#### INPUT RECORDS ####

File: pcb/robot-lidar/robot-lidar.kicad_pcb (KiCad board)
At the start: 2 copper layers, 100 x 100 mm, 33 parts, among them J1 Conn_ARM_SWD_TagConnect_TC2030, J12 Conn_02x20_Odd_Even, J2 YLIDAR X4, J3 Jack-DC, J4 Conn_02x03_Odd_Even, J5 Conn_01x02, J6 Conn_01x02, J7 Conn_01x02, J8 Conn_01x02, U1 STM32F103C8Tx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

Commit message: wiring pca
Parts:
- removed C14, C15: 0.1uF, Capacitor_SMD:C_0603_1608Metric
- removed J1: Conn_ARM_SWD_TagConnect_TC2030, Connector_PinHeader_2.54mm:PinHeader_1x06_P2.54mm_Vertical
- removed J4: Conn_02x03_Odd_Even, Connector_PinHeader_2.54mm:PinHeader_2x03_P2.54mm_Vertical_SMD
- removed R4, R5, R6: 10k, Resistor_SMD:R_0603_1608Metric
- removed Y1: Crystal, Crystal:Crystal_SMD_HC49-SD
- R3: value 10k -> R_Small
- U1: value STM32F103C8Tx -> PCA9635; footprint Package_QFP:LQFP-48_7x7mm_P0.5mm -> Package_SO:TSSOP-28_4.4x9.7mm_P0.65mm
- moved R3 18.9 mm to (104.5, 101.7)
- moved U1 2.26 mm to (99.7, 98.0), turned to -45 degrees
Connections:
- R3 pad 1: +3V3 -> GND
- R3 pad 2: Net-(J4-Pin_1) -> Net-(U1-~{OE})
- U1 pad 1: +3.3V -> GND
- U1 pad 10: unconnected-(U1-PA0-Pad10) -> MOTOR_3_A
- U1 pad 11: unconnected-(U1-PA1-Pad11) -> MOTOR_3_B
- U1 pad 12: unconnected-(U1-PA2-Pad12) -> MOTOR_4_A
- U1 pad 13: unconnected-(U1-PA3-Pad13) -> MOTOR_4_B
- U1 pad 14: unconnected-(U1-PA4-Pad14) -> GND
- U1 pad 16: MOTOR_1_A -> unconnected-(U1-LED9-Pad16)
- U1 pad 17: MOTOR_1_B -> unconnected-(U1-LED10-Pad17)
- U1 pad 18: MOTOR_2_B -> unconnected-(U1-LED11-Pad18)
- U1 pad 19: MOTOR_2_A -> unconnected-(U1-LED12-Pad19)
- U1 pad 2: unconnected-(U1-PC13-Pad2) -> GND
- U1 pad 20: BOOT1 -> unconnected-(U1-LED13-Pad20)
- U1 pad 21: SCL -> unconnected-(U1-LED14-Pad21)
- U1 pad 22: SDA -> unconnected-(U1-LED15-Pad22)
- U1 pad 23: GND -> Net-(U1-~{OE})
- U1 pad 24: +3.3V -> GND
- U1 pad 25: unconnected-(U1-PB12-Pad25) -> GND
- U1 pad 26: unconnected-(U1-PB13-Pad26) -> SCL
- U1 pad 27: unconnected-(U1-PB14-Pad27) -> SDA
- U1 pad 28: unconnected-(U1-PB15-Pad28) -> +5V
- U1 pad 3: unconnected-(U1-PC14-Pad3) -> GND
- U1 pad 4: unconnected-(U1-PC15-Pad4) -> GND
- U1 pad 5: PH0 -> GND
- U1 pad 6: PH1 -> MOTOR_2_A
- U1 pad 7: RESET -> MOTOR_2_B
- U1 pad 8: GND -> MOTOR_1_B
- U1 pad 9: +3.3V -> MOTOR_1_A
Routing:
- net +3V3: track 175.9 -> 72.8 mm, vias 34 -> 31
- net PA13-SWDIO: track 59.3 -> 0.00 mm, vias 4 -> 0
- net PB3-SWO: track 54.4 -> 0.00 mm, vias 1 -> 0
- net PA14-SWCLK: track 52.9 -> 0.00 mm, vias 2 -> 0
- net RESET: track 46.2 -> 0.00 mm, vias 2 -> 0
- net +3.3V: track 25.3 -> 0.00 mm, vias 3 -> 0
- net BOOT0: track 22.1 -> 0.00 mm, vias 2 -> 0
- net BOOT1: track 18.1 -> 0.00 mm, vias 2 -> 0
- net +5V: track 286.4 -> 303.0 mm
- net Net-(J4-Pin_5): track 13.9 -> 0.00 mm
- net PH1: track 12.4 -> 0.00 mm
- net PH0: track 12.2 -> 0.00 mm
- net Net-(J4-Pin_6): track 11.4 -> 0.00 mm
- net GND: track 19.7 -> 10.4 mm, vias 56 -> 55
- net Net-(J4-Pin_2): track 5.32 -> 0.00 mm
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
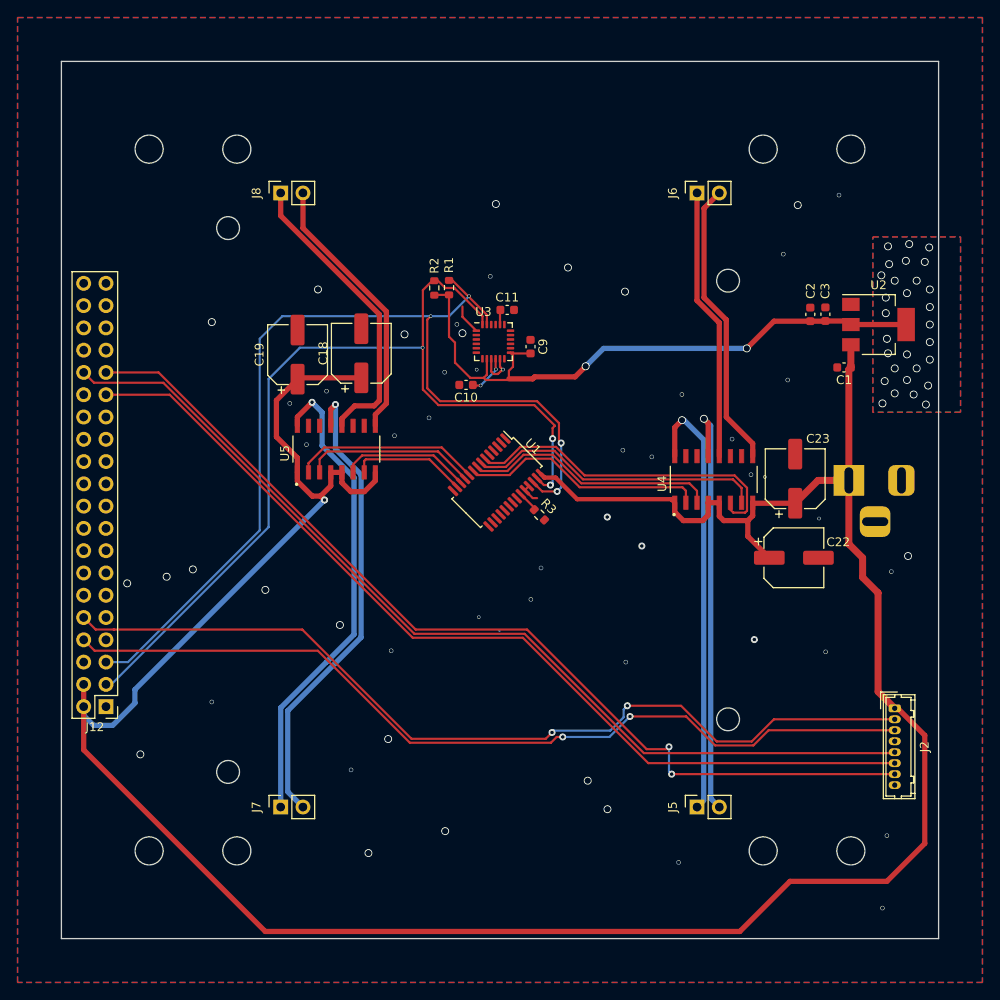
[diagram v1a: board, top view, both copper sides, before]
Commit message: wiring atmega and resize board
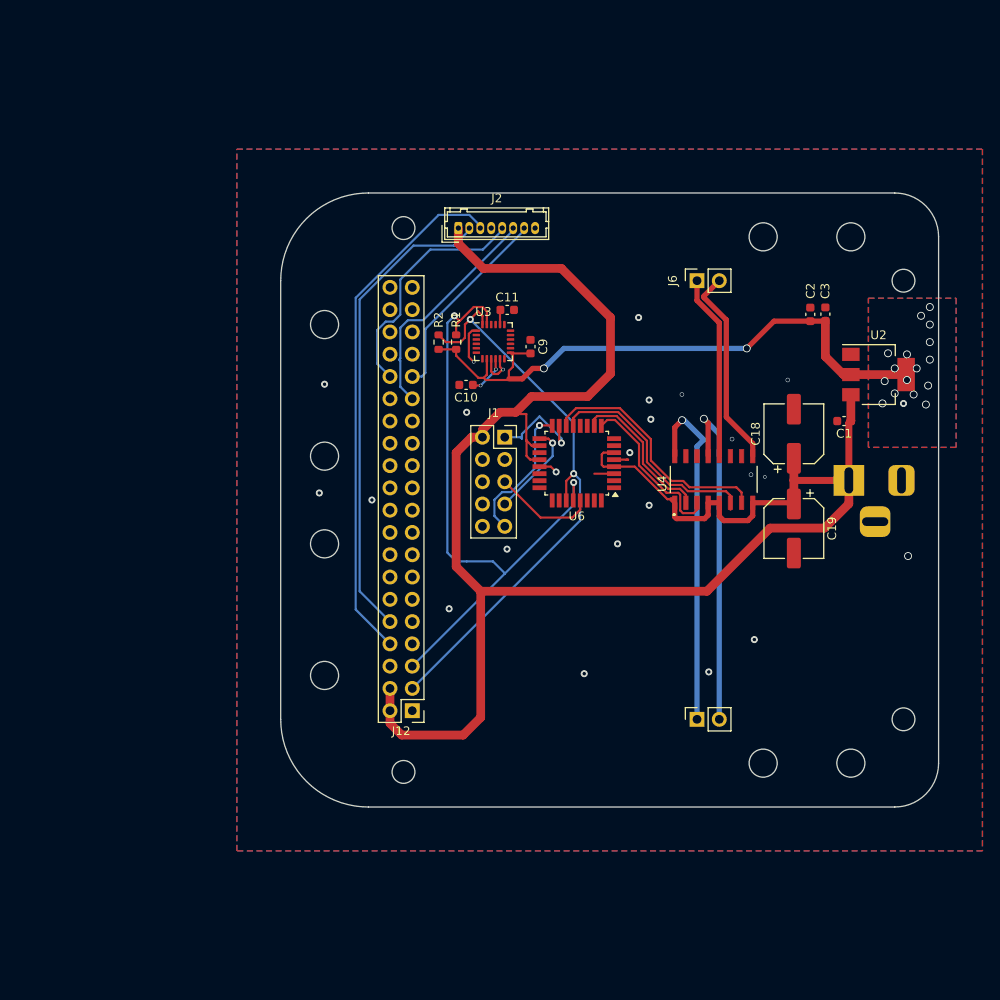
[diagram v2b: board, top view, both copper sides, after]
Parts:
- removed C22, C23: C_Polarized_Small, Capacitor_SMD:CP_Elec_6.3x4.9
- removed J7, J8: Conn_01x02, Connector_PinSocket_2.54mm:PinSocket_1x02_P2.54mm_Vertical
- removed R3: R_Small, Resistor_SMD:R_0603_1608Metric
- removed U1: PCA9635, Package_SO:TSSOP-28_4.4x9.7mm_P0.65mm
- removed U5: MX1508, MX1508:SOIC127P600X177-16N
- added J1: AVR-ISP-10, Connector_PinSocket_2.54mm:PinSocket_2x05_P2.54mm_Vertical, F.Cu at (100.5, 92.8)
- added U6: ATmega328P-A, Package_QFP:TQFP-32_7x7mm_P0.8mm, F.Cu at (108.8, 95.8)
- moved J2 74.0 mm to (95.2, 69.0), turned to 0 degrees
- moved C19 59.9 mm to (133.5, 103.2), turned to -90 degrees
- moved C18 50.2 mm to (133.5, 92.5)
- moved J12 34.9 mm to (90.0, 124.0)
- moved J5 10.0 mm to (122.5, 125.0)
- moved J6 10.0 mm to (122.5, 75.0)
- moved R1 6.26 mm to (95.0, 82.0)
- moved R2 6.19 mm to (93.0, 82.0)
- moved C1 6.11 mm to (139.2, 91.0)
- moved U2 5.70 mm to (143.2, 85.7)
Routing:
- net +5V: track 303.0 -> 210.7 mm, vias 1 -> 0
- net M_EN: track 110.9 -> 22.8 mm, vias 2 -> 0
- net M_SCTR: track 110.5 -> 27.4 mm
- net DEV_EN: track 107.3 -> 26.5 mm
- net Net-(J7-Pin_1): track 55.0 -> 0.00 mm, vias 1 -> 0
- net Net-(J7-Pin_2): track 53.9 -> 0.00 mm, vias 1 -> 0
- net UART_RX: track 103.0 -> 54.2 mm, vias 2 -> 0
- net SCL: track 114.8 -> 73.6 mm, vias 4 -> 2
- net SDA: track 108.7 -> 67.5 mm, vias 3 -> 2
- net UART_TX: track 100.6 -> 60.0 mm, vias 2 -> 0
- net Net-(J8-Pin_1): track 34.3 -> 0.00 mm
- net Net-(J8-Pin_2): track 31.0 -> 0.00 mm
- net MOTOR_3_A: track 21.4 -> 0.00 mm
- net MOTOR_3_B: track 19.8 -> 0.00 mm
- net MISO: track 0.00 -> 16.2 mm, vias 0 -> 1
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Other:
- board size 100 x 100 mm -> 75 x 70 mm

####

Among the entries above, the line containing "- moved R3 18.9 mm to (104.5, 101.7)", the line containing "- U1 pad 25: unconnected-(U1-PB12-Pad25)", and all lines between them are to be restated word for word; nothing else belongs in the reply.

- moved R3 18.9 mm to (104.5, 101.7)
- moved U1 2.26 mm to (99.7, 98.0), turned to -45 degrees
Connections:
- R3 pad 1: +3V3 -> GND
- R3 pad 2: Net-(J4-Pin_1) -> Net-(U1-~{OE})
- U1 pad 1: +3.3V -> GND
- U1 pad 10: unconnected-(U1-PA0-Pad10) -> MOTOR_3_A
- U1 pad 11: unconnected-(U1-PA1-Pad11) -> MOTOR_3_B
- U1 pad 12: unconnected-(U1-PA2-Pad12) -> MOTOR_4_A
- U1 pad 13: unconnected-(U1-PA3-Pad13) -> MOTOR_4_B
- U1 pad 14: unconnected-(U1-PA4-Pad14) -> GND
- U1 pad 16: MOTOR_1_A -> unconnected-(U1-LED9-Pad16)
- U1 pad 17: MOTOR_1_B -> unconnected-(U1-LED10-Pad17)
- U1 pad 18: MOTOR_2_B -> unconnected-(U1-LED11-Pad18)
- U1 pad 19: MOTOR_2_A -> unconnected-(U1-LED12-Pad19)
- U1 pad 2: unconnected-(U1-PC13-Pad2) -> GND
- U1 pad 20: BOOT1 -> unconnected-(U1-LED13-Pad20)
- U1 pad 21: SCL -> unconnected-(U1-LED14-Pad21)
- U1 pad 22: SDA -> unconnected-(U1-LED15-Pad22)
- U1 pad 23: GND -> Net-(U1-~{OE})
- U1 pad 24: +3.3V -> GND
- U1 pad 25: unconnected-(U1-PB12-Pad25) -> GND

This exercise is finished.